PROBLEM DETAILS -
Every line below that mentions the word "edge" should be copied out.

Data items:
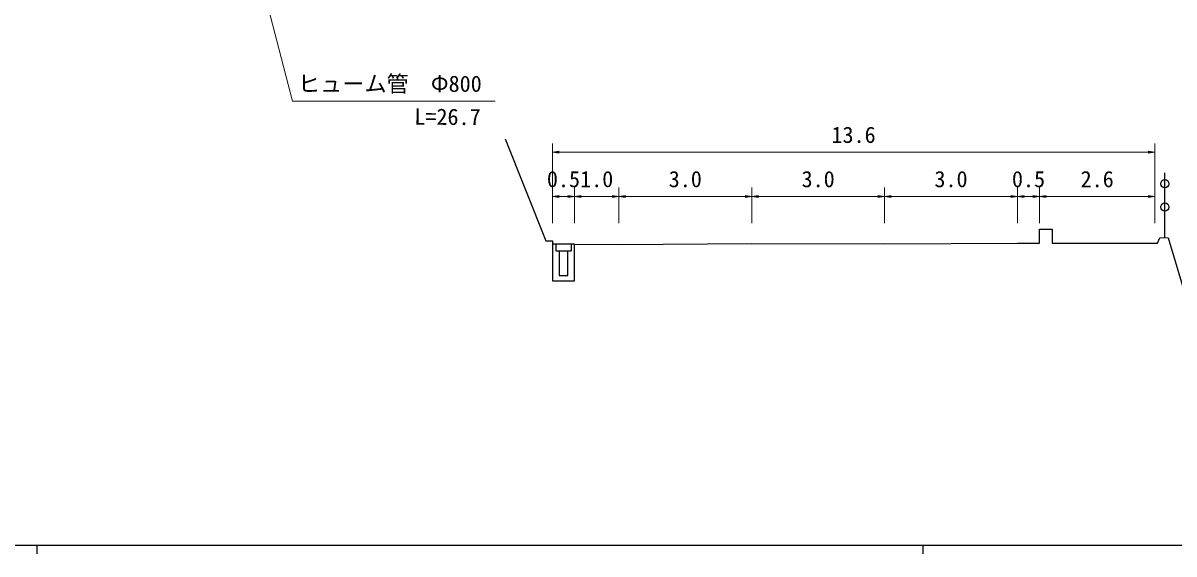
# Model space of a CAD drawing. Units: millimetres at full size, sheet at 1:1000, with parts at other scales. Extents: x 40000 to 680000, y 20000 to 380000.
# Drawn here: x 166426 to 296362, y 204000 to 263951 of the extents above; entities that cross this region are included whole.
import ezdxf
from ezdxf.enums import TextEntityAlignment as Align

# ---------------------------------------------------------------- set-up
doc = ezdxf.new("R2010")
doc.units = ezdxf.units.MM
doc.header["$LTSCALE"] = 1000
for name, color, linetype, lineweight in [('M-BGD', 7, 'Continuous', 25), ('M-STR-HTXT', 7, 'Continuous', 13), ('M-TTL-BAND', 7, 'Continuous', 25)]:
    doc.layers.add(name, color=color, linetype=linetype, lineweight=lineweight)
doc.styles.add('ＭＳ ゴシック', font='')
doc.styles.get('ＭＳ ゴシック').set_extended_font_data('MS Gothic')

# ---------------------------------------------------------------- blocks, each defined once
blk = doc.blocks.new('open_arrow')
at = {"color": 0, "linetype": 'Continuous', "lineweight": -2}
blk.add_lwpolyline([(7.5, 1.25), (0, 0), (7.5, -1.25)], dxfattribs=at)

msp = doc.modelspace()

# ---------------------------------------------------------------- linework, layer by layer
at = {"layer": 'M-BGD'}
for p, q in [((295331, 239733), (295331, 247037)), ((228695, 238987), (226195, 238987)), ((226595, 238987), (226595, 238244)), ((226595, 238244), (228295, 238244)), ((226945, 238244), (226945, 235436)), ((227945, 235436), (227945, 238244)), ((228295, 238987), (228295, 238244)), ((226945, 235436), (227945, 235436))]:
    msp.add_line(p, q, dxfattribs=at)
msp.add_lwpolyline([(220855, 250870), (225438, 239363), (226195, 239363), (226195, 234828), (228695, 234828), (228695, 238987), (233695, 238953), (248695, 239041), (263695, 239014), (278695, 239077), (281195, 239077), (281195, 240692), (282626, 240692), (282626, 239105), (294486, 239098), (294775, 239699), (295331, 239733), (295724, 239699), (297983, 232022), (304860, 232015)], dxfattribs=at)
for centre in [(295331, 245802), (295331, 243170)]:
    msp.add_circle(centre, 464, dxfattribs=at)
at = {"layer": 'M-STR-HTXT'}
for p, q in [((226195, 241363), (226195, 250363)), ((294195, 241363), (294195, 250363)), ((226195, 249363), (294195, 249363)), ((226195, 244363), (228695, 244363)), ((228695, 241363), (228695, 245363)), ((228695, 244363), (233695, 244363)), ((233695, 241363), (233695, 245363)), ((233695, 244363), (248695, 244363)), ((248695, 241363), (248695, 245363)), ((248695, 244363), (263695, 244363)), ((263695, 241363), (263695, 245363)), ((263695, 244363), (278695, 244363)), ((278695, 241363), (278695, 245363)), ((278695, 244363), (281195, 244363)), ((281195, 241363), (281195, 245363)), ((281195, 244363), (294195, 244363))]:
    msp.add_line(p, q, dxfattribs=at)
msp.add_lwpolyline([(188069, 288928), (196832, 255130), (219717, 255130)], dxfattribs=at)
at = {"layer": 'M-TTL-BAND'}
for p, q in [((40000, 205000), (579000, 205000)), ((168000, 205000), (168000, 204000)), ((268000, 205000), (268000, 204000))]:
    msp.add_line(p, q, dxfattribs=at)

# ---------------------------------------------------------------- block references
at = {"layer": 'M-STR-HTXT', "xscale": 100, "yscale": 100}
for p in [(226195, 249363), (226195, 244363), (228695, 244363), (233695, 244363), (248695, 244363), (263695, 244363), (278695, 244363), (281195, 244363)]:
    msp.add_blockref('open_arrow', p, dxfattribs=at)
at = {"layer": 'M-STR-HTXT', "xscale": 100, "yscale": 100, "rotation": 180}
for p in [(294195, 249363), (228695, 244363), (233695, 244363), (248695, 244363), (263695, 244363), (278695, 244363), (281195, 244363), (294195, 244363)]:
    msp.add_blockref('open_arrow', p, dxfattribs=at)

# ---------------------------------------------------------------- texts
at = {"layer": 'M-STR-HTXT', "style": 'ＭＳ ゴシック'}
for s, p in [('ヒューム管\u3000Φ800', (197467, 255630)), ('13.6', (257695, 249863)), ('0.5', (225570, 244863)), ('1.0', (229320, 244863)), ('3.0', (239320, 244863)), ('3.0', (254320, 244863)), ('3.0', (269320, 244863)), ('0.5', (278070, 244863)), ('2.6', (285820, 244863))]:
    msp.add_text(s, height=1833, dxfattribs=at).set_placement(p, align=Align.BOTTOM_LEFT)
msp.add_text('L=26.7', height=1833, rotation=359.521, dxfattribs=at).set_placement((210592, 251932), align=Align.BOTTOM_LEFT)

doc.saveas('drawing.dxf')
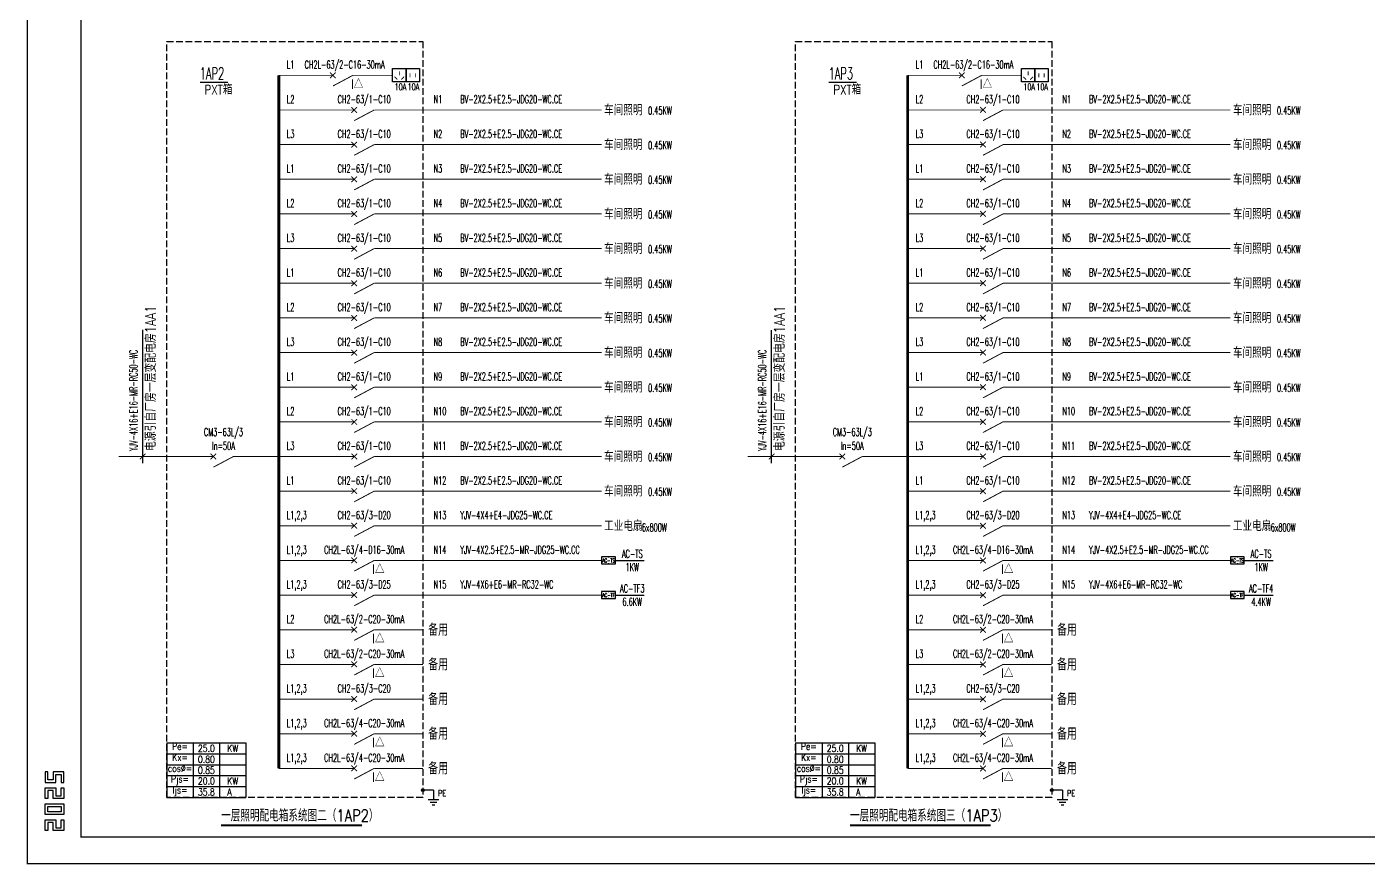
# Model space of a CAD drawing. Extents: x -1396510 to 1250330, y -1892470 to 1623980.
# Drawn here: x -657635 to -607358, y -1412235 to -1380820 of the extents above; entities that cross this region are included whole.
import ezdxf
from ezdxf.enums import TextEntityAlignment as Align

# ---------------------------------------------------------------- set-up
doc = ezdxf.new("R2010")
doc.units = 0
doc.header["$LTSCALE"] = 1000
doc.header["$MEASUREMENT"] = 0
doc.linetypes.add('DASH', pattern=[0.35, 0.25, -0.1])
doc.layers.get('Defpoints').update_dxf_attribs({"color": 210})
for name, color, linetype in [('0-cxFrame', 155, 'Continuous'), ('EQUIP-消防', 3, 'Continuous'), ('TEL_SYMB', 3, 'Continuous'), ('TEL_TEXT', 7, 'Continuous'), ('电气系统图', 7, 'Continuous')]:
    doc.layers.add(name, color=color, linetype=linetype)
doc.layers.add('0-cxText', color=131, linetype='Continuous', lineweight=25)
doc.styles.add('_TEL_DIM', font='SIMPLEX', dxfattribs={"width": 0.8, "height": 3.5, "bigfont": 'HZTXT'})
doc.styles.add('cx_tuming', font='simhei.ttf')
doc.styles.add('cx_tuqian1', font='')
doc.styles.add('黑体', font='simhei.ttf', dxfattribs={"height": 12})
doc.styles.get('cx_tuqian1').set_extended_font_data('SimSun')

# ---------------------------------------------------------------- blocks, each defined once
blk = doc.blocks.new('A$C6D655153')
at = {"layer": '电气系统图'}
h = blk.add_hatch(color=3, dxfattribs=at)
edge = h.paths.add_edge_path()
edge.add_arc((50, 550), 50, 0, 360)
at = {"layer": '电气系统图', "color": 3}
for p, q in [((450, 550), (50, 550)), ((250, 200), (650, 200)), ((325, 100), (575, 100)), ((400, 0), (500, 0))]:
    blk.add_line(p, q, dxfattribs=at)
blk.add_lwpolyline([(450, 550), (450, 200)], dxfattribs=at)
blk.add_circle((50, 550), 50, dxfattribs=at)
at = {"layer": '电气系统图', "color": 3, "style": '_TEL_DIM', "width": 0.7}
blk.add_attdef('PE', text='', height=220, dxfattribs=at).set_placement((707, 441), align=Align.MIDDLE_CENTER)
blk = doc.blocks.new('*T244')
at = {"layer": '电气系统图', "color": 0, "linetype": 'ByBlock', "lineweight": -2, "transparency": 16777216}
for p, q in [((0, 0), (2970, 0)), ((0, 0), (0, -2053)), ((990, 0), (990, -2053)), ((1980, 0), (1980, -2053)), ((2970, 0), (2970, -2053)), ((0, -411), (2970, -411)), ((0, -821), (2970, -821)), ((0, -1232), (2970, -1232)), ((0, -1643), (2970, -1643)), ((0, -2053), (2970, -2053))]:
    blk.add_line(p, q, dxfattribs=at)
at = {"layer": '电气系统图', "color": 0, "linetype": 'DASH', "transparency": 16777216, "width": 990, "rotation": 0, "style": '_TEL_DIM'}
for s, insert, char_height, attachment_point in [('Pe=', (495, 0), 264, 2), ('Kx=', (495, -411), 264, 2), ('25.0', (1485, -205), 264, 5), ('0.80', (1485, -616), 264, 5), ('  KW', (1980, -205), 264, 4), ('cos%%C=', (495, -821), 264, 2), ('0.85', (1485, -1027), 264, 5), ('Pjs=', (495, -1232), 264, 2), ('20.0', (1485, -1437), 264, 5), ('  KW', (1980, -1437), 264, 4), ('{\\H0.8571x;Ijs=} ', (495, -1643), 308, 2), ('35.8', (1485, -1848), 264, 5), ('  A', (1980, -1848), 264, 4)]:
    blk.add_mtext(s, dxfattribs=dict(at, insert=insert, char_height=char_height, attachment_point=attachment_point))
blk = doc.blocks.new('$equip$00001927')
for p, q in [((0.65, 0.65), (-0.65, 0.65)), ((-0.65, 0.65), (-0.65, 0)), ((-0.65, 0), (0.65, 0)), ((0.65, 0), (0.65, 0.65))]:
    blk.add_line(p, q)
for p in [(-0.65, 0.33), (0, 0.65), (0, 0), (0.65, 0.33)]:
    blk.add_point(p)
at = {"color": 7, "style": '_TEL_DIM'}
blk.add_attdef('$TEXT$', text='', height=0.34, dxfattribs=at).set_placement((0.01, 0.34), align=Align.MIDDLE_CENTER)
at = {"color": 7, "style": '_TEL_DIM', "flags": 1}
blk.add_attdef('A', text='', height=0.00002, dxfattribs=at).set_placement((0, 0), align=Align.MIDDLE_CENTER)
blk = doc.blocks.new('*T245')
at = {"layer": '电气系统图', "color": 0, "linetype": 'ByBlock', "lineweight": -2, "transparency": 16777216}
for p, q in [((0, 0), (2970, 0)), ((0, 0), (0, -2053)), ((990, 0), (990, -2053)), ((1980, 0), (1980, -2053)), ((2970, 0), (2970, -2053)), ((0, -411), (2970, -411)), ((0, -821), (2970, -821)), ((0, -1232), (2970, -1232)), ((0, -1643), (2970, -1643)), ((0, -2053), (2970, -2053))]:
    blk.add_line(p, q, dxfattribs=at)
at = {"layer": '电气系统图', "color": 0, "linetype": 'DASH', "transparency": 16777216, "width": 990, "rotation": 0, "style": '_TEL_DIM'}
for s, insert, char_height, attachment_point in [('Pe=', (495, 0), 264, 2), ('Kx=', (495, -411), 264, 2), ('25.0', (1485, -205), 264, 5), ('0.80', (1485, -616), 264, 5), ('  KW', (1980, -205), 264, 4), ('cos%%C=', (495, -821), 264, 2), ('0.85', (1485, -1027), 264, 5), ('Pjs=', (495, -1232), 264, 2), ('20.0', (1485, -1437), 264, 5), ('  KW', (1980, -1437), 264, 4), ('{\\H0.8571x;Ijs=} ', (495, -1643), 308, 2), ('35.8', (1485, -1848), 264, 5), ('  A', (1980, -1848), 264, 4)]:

PROBLEM SOLUTION -
edge = h.paths.add_edge_path()
edge.add_arc((50, 550), 50, 0, 360)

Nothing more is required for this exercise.